Engineering programmable CAR-T cells with tunable controls as fail-safe mechanisms during cancer immunotherapy

Chimeric antigen receptor (CAR) T-cell therapies have demonstrated remarkable efficacy in treating various cancers, but significant risks of severe adverse effects remain. In this study, we present a synthetic biology toolbox for engineering CAR-T cells with tunable and controllable features to mitigate these risks. Using this toolbox, we programmed cytotoxic CAR-T cells to be turned on and off using synthetic genes with tetracycline response elements, referred to as iOnCAR and iOffCAR. We achieved temporal regulation of CAR expression using the synthetic Notch receptor system and “AND-gate” programs, which allow for additional control using doxycycline.
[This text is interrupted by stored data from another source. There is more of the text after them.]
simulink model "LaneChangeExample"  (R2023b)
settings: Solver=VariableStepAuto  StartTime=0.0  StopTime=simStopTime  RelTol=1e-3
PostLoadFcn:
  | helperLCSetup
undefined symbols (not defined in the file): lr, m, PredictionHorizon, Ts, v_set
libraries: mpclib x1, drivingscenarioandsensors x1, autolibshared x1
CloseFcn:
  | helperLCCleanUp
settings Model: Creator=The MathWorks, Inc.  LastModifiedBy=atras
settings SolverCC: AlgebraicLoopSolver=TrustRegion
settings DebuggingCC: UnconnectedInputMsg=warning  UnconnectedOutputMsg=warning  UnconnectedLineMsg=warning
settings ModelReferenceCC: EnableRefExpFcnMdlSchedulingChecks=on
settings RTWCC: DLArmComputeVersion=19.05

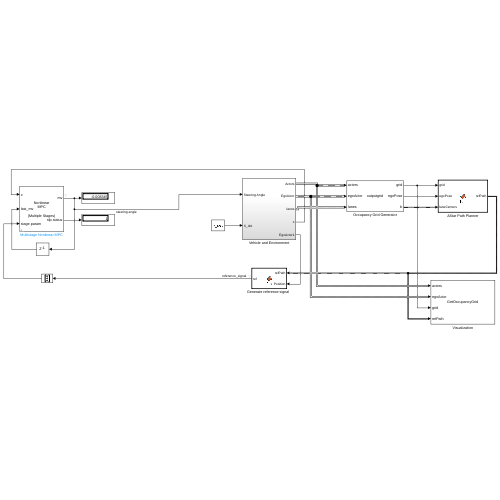
[thumbnail: Simulink's stored preview of the top-level diagram]
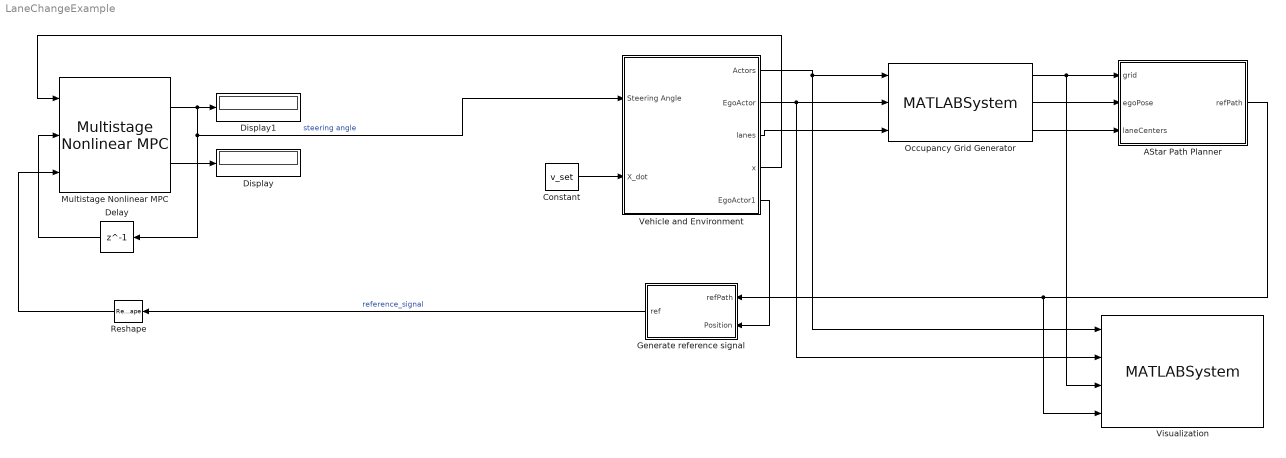
== system LaneChangeExample ==
  AStar Path Planner : MATLAB Function  TreatAsAtomicUnit=on
  Constant : Constant  Value=v_set
  Delay : Delay  DelayLength=1  InitialCondition=0
  Display : Display
  Display1 : Display
  "Generate reference signal  " : MATLAB Function  TreatAsAtomicUnit=on
  Multistage Nonlinear MPC : mpclib/Multistage Nonlinear MPC  SCDEnableBlockLinearizationSpecification=on  nlmpcobj=nlobj  UseObjectTs=on  UseMEX=off  md_enabled=off  stateparam_enabled=off  stageparam_enabled=on  cost_enabled=off  mvseq_enabled=off  stateseq_enabled=off  slack_enabled=off  status_enabled=on  mv_min=off  mv_max=off  mvrate_min=off  mvrate_max=off  state_min=off  state_max=off  terminal_state=off  nlp_initialize=off
  Occupancy Grid Generator : MATLABSystem  System=outputgrid
      mask Type: outputgrid
      mask Display:
      | disp('outputgrid');
      | port_label('input',1,'actors');
      | port_label('input',2,'egoActor');
      | port_label('input',3,'lanes');
      | port_label('output',1,'grid');
      | port_label('output',2,'egoPose');
      | port_label('output',3,'lc');
  Reshape : Reshape  OutputDimensionality=Column vector (2-D)
  Vehicle and Environment : Subsystem
  Visualization : MATLABSystem  System=GetOccupancyGrid
      mask Type: GetOccupancyGrid
      mask Display:
      | disp('GetOccupancyGrid');
      | port_label('input',1,'actors');
      | port_label('input',2,'egoActor');
      | port_label('input',3,'grid');
      | port_label('input',4,'refPath');
  wires:
  Occupancy Grid Generator/2 -> AStar Path Planner/2(egoPose)
  AStar Path Planner/1(refPath) -> Visualization/4, "Generate reference signal  "/1(refPath)
  Occupancy Grid Generator/1 -> Visualization/3, AStar Path Planner/1(grid)
  Vehicle and Environment/3(lanes) -> Occupancy Grid Generator/3
  Vehicle and Environment/1(Actors) -> Occupancy Grid Generator/1, Visualization/1
  Vehicle and Environment/2(EgoActor) -> Occupancy Grid Generator/2, Visualization/2
  Vehicle and Environment/4(x) -> Multistage Nonlinear MPC/1
  Delay/1 -> Multistage Nonlinear MPC/2
  Vehicle and Environment/5(EgoActor1) -> "Generate reference signal  "/2(Position)
  Multistage Nonlinear MPC/1 -> Delay/1, Vehicle and Environment/1(Steering Angle), Display1/1  "steering angle"
  "Generate reference signal  "/1(ref) -> Reshape/1  "reference_signal"
  Occupancy Grid Generator/3 -> AStar Path Planner/3(laneCenters)
  Multistage Nonlinear MPC/2 -> Display/1
  Reshape/1 -> Multistage Nonlinear MPC/3
  Constant/1 -> Vehicle and Environment/2(X_dot)

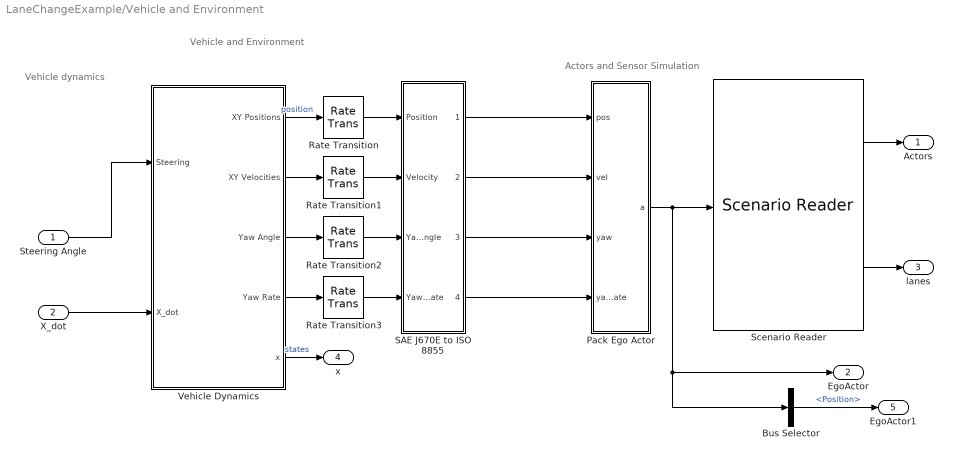
== system LaneChangeExample/Vehicle and Environment ==
  note: Vehicle dynamics
  note: Actors and Sensor Simulation
  note: Vehicle and Environment
  Steering Angle : Inport  Unit=rad
  X_dot : Inport  Port=2  Unit=m/s
  Bus Selector : BusSelector  OutputSignals=Position
  Pack Ego Actor : MATLAB Function  TreatAsAtomicUnit=on
  Rate Transition{,1..3} (4 alike) : RateTransition  OutPortSampleTime=Ts
  SAE J670E to ISO 8855 : Subsystem
  Scenario Reader : drivingscenarioandsensors/Scenario Reader  ScenarioSource=From file  ScenarioFileName=doubleLaneChangeScenario.mat  ScenarioVariableName=scenario  OutputCoordinateSystem=Vehicle coordinates  EgoVehicleSource=Input port  EgoVehicleActorID=1  OrientVehiclesOnRoad=off  OutputEgoVehiclePose=off  OutputEgoVehicleState=off  SampleTime=0.1  LaneBoundaryOutput=All lane boundaries  LaneBoundaryDistance=0:0.5:60  LaneBoundaryLocation=Center of lane markings  BusNameSource=Auto  BusName=BusActors  BusNumActorsSource=Scenario  BusNumActors=100  BusName2Source=Auto  BusName2=BusLaneBoundaries  BusNumLaneBoundariesSource=Scenario  BusNumLaneBoundaries=10  BusName3Source=Auto  BusName3=BusEgoActor  BusName4Source=Auto  BusName4=BusEgoState  ShowCoordinateLabels=on  SimulateUsing=Interpreted execution
  Vehicle Dynamics : Subsystem  VariantControl=Variant2
  Actors : Outport  VectorParamsAs1DForOutWhenUnconnected=off
  EgoActor : Outport  Port=2  VectorParamsAs1DForOutWhenUnconnected=off
  lanes : Outport  Port=3  VectorParamsAs1DForOutWhenUnconnected=off
  x : Outport  Port=4  VectorParamsAs1DForOutWhenUnconnected=off
  EgoActor1 : Outport  Port=5  VectorParamsAs1DForOutWhenUnconnected=off
  wires:
  Bus Selector/1 -> EgoActor1/1  "<Position>"
  Vehicle Dynamics/3(Yaw Angle) -> Rate Transition2/1
  Vehicle Dynamics/4(Yaw Rate) -> Rate Transition3/1
  Vehicle Dynamics/5(x) -> x/1  "states"
  Rate Transition/1 -> SAE J670E to ISO 8855/1(Position)
  Rate Transition1/1 -> SAE J670E to ISO 8855/2(Velocity)
  Rate Transition2/1 -> SAE J670E to ISO 8855/3(Yaw Angle)
  Rate Transition3/1 -> SAE J670E to ISO 8855/4(Yaw Rate)
  SAE J670E to ISO 8855/1(1) -> Pack Ego Actor/1(pos)
  SAE J670E to ISO 8855/4(4) -> Pack Ego Actor/4(yawRate)
  SAE J670E to ISO 8855/3(3) -> Pack Ego Actor/3(yaw)
  SAE J670E to ISO 8855/2(2) -> Pack Ego Actor/2(vel)
  Steering Angle/1 -> Vehicle Dynamics/1(Steering)
  Vehicle Dynamics/2(XY Velocities) -> Rate Transition1/1
  Vehicle Dynamics/1(XY Positions) -> Rate Transition/1  "position"
  Scenario Reader/1 -> Actors/1
  Scenario Reader/2 -> lanes/1
  Pack Ego Actor/1(a) -> Bus Selector/1, EgoActor/1, Scenario Reader/1
  X_dot/1 -> Vehicle Dynamics/2(X_dot)

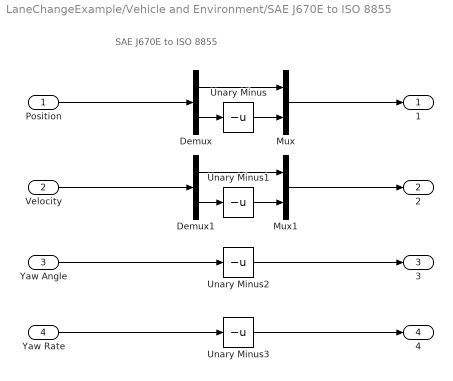
== system LaneChangeExample/Vehicle and Environment/SAE J670E to ISO 8855 ==
  note: SAE J670E to ISO 8855
  Position : Inport  Unit=m
  Velocity : Inport  Port=2  Unit=m/s
  Yaw Angle : Inport  Port=3  Unit=deg
  Yaw Rate : Inport  Port=4  Unit=deg/s
  Demux : Demux  Outputs=2
  Demux1 : Demux  Outputs=2
  Mux : Mux  Inputs=2
  Mux1 : Mux  Inputs=2
  Unary Minus{,1..3} (4 alike) : UnaryMinus
  1 : Outport  VectorParamsAs1DForOutWhenUnconnected=off
  2 : Outport  Port=2  VectorParamsAs1DForOutWhenUnconnected=off
  3 : Outport  Port=3  VectorParamsAs1DForOutWhenUnconnected=off
  4 : Outport  Port=4  VectorParamsAs1DForOutWhenUnconnected=off
  wires:
  Yaw Rate/1 -> Unary Minus3/1
  Yaw Angle/1 -> Unary Minus2/1
  Demux/1 -> Mux/1
  Demux/2 -> Unary Minus/1
  Unary Minus/1 -> Mux/2
  Unary Minus1/1 -> Mux1/2
  Demux1/2 -> Unary Minus1/1
  Demux1/1 -> Mux1/1
  Mux1/1 -> 2/1
  Mux/1 -> 1/1
  Position/1 -> Demux/1
  Velocity/1 -> Demux1/1
  Unary Minus2/1 -> 3/1
  Unary Minus3/1 -> 4/1

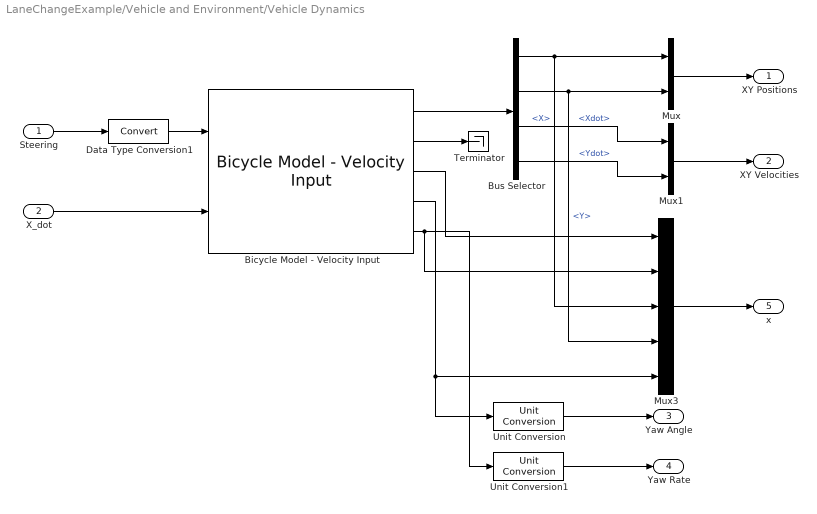
== system LaneChangeExample/Vehicle and Environment/Vehicle Dynamics ==
  Steering : Inport  Unit=rad
  X_dot : Inport  Port=2  Unit=m/s
  Bicycle Model - Velocity Input : autolibshared/Bicycle Model - Velocity Input  trackMode=Single (bicycle)  inputMode=External longitudinal velocity  frontSteerMode=on  rearSteerMode=off  windMode=off  muMode=off  extFMode=off  extMMode=off  aMode=3  NF=2  NR=2  m=m  a=lf  b=lr  h=0.35  X_o=x0_ego  xdot_o=0  CalphaMode=off  sigmaMode=on  w=[1.4,1.4]  Cy_f=Cf  Cy_r=Cr  sigma_f=.1  sigma_r=.1  alpha_f_brk=[-.1 .1]  Cy_f_data=[-9e3 9e3]  alpha_r_brk=[-.1 .1]  Cy_r_data=[-9e3 9e3]  Y_o=y0_ego  ydot_o=0  Izz=Iz  psi_o=yaw0_ego  r_o=0  Af=2  Cd=.3  Cl=.1  Cpm=.1  beta_w=[0:0.01:0.3]  Cs=[0:0.03:0.9]  Cym=[0:0.01:0.3]  Pabs=101325  Tair=273  g=9.81  mu=1  xdot_tol=.01  Fznom=5000  Fxtire_sat=1e6  Fytire_sat=1e6  longOff=0  latOff=0  vertOff=0
      settings: LibrarySourceBlock=drivingscenarioandsensors/Bicycle Model - Velocity Input
  Bus Selector : BusSelector  OutputSignals=InertFrm.FrntAxl.Disp.X,InertFrm.FrntAxl.Disp.Y,InertFrm.FrntAxl.Vel.Xdot,InertFrm.FrntAxl.Vel.Ydot
  Data Type Conversion1 : DataTypeConversion  SaturateOnIntegerOverflow=off  RndMeth=Floor
  Mux : Mux  Inputs=2
  Mux1 : Mux  Inputs=2
  Mux3 : Mux  Inputs=5
  Terminator : Terminator
  Unit Conversion : UnitConversion  OutputType=Inherit: Inherit via back propagation
  Unit Conversion1 : UnitConversion  OutputType=Inherit: Inherit via back propagation
  XY Positions : Outport  Unit=m  VectorParamsAs1DForOutWhenUnconnected=off
  XY Velocities : Outport  Port=2  Unit=m/s  VectorParamsAs1DForOutWhenUnconnected=off
  Yaw Angle : Outport  Port=3  Unit=deg  VectorParamsAs1DForOutWhenUnconnected=off
  Yaw Rate : Outport  Port=4  Unit=degree/s  VectorParamsAs1DForOutWhenUnconnected=off
  x : Outport  Port=5  VectorParamsAs1DForOutWhenUnconnected=off
  wires:
  Bicycle Model - Velocity Input/4 -> Mux3/5, Unit Conversion/1
  Bicycle Model - Velocity Input/2 -> Terminator/1
  Bicycle Model - Velocity Input/3 -> Mux3/1
  Bicycle Model - Velocity Input/1 -> Bus Selector/1
  Unit Conversion/1 -> Yaw Angle/1
  Mux3/1 -> x/1
  Unit Conversion1/1 -> Yaw Rate/1
  Data Type Conversion1/1 -> Bicycle Model - Velocity Input/1
  Bus Selector/4 -> Mux1/2  "<Ydot>"
  Mux1/1 -> XY Velocities/1
  Mux/1 -> XY Positions/1
  Bus Selector/1 -> Mux3/3, Mux/1  "<X>"
  Bus Selector/2 -> Mux3/4, Mux/2  "<Y>"
  Bus Selector/3 -> Mux1/1  "<Xdot>"
  Steering/1 -> Data Type Conversion1/1
  Bicycle Model - Velocity Input/5 -> Mux3/2, Unit Conversion1/1
  X_dot/1 -> Bicycle Model - Velocity Input/2

== matlab function LaneChangeExample/Generate reference signal   ==
  data: refPath input; ref output; Ts parameter; Position input; PredictionHorizon parameter
function ref = fcn(refPath,Ts,Position,PredictionHorizon)
% This function generates reference signal in the required format for the NMPC 

%calculating global X and Y
preview_steps = (1:PredictionHorizon)*Ts;
refPath(isnan(refPath(:)),:) =[];
if(isempty(refPath))
    % This example is designed to work for constant velocity, hence if the 
    % scenario contains slow moving  cars in all the lanes ahead of the ego car, 
    % ego car will not be able to reduce the velocity or plan a path to a
    % different lane and will error out along with the following message: 
    disp('No valid lanes available for lane change maneuver');
end
% Transfrom from Image coordinates to Ego coordinates
refPath_t = [(abs(refPath(:,1) - 800 -Position(1)/0.5)*0.5),-((refPath(:,2)- 40)*0.5)]; 
% Planner only looks ahead for 30m (2 seconds when velocity is 15m/s), if preview horizon is greater than 2 seconds
% the last value of referenc_path will be repeated
query_points = (length(refPath_t)/2)*preview_steps; % length(refPath_t/2) represent data points for 1 second
refPathc = interp1(1:length(refPath),refPath_t,round(query_points));
if(PredictionHorizon>20)
    refPathc(isnan(refPathc(:,1)),1) = refPathc(20,1);
    refPathc(isnan(refPathc(:,2)),2) = refPathc(20,2);
end
% Reference to the controller
ref = [0 refPathc(:,1)';0 -refPathc(:,2)']; % Convert ISO 8855 to SAE J670E coordinates

== matlab function LaneChangeExample/AStar Path Planner ==
  data: grid input size=[800,80]; refPath output size=[100,2]; egoPose input; laneCenters input
function refPath = fcn(grid,egoPose,laneCenters)
%#codegen

% Astar Path Planner
%
% This function plans a collision free path for the ego vehicle considering the dynamic behavior of other cars
% using Astar algorithm. This function evaluates a collision free path from the Ego Car to each of the lane 
% centers in the scenario every time step and identifies the path with the least cost and outputs (x,y) coordinates 
% of the planned path.
%
% This is a custom path planner incorporated for example purposes and may be removed or
% modified in the future.
%
% References: Astar search algorithm by Anthony Chrabieh
% https://www.mathworks.com/matlabcentral/fileexchange/64978-a-star-search-algorithm

%%
% Path Planner Initialization

% Set the starting coordinates for the planner as the current position of Ego Car
start = egoPose;

% Represent obstacles in the grid with value inf
grid(grid==1) = inf;
MAP = grid;

% Declaring variable size data for planner variables
coder.varsize('openNodes', [1000,5], [1,1]);
coder.varsize('closedNodes', [1000,5], [1,0]);
coder.varsize('path'); %, [1000,2], [1,0]);
coder.varsize('A',[1,1],[0,1]);
% Preallocate Heuristic and Movement costs
H = zeros(size(MAP,1),size(MAP,2));
G = zeros(size(MAP,1),size(MAP,2));
F = zeros(size(MAP,1),size(MAP,2));
% Variables used to compare and identify path with least cost
bestPath = [];
bestPath_cost = inf;

if(~isempty(laneCenters))
    % Remove lane center values for lanes that are not present
    laneCenters(~laneCenters) = [];
    for i=1:numel(laneCenters)
        % Planner only looks ahead for 30m (2 seconds when velocity is 15m/s),
        % hence -60 in Image Coordinates
        goal = [egoPose(1)-60, round(laneCenters(i))];
        weight = 1.5;
        % Update Heuristic vlaues of all nodes in the MAP
        for x = 1:size(MAP,1)
            for y = 1:size(MAP,2)
                if(MAP(x,y)~=inf)
                    H(x,y) = weight*norm(goal-[x,y]);
                    G(x,y) = inf;
                end
            end
        end
        
        % Initialize Moverment cost G
        G(start(1),start(2)) = 0; % s with zero
        F(start(1),start(2)) = H(start(1),start(2)); % since G is zero F= G+H = H
        % Open list and Closed list structure: [x,y,G,F,parent node]
        closedNodes = zeros(0,5);
        openNodes = [start G(start(1),start(2)) F(start(1),start(2)) 0];
        
        %%
        % Start Algorithm
        solved = false;
        while(~isempty(openNodes))
            %pause(0.001)
            % find node from open set with smallest F value
            [~,I] = min(openNodes(:,4));
            % set current node to the node with minimum function
            current = openNodes(I,:);
            % current node goal check
            if(current(1:2)==goal)
                closedNodes = [closedNodes;current];
                solved = true;
                break;
            end
            % move current node from open set to closed set
            openNodes(I,:) = [];
            closedNodes = [closedNodes;current];
            
            if(size(closedNodes,1) > 900)
                break;
            end
            
            % Expand current node
            for x = current(1)-1:current(1)+1
                for y = current(2)-1:current(2)+1
                    % node coordinate out of range check
                    if (x<1||x>size(MAP,1)||y<1||y>size(MAP,2))
                        continue
                    end
                    % node coordinate obstacle check
                    if (isinf(MAP(x,y)))
                        continue
                    end
                    % node coordinate current node check
                    if (x==current(1)&&y==current(2))
                        continue
                    end
                    % node coordinate in closed set check
                    skip = 0;
                    for j = 1:size(closedNodes,1)
                        if(x == closedNodes(j,1) && y==closedNodes(j,2))
                            skip = 1;
                            break;
                        end
                    end
                    if(skip == 1)
                        continue
                    end
                    A = zeros(1,0);
                    % node coordinate already in open set check
                    if(~isempty(openNodes))
                        for j = 1:size(openNodes,1)
                            if(x == openNodes(j,1) && y==openNodes(j,2))
                                A = j;
                                break;
                            end
                        end
                    end
                    % Update Movement cost
                    newG = G(current(1),current(2)) + 1;
                    % if not in open set, add to open set
                    if(isempty(A))
                        G(x,y) = newG;
                        newF = G(x,y) + H(x,y);
                        newNode = [x y G(x,y) newF size(closedNodes,1)];
                        openNodes = [openNodes; newNode];
                        continue
                    end
                    % check for better path
                    if (newG >= G(x,y))
                        continue
                    else
                        G(x,y) = newG;
                        newF = newG + H(x,y);
                        openNodes(A,3)= newG;
                        openNodes(A,4)= newF;
                        openNodes(A,5) = size(closedNodes,1);
                    end
                end
            end
        end
        %%
        % Evaluate planned path
        if (solved)
            j = size(closedNodes,1); %number of checked node
            path = [];
            while(j > 0)
                x = closedNodes(j,1);
                y = closedNodes(j,2);
                j = closedNodes(j,5);
                path = [x,y;path];
            end
        else
            %bestPath = repmat([egoPose(1) egoPose(2)],61,1);
            path = [];
        end
        % select path with the least cost
        if (solved && (sum(closedNodes(:,4)) < bestPath_cost))
            bestPath = path;
            bestPath_cost = sum(closedNodes(:,4));
        end
    end
else
    bestPath = [] ; 
    disp('No valid lanes available for lane change maneuver');
end
refPath = bestPath;

== matlab function LaneChangeExample/Vehicle and Environment/Pack Ego Actor ==
  data: pos input; a output Bus: BusActors1Actors size=1; vel input; yaw input; yawRate input
function a = packEgo(pos,vel,yaw,yawRate)
% Pack ego information into a single ego actor bus
%
% Imoprtant note:
% Output is a bus of type BusActorsActors. This is the same bus used by the
% Scenario Reader to output an individual actor. If you change the
% output bus name of Scenario Reader change the output bus name here
% as well by clicking on 'Edit Data' in the menu above.

a = struct(...
    'ActorID',1,...
    'Position', [pos(1) pos(2) 0], ...
    'Velocity', [vel(1) vel(2) 0], ...
    'Roll', 0, ...
    'Pitch', 0, ...
    'Yaw', yaw, ...
    'AngularVelocity', [0 0 yawRate]);

We also engineered cooperation among T cells through CD4 help to CD8 T cells in targeting cancer cells via synthetic Notch receptors controlled by doxycycline treatment. Additionally, we developed a T cell fratricide system by triggering a genetic “Battle Royale” mechanism that enables CAR-T cells to eliminate each other. In this system, surviving T cells become activated, proliferate, and display high cytotoxicity to target cells. In conclusion, our synthetic biology toolbox provides targeted fail-safe solutions for improving the safety and potency of CAR-T cell therapies by integrating different genetic circuits with a commonly used antibiotic.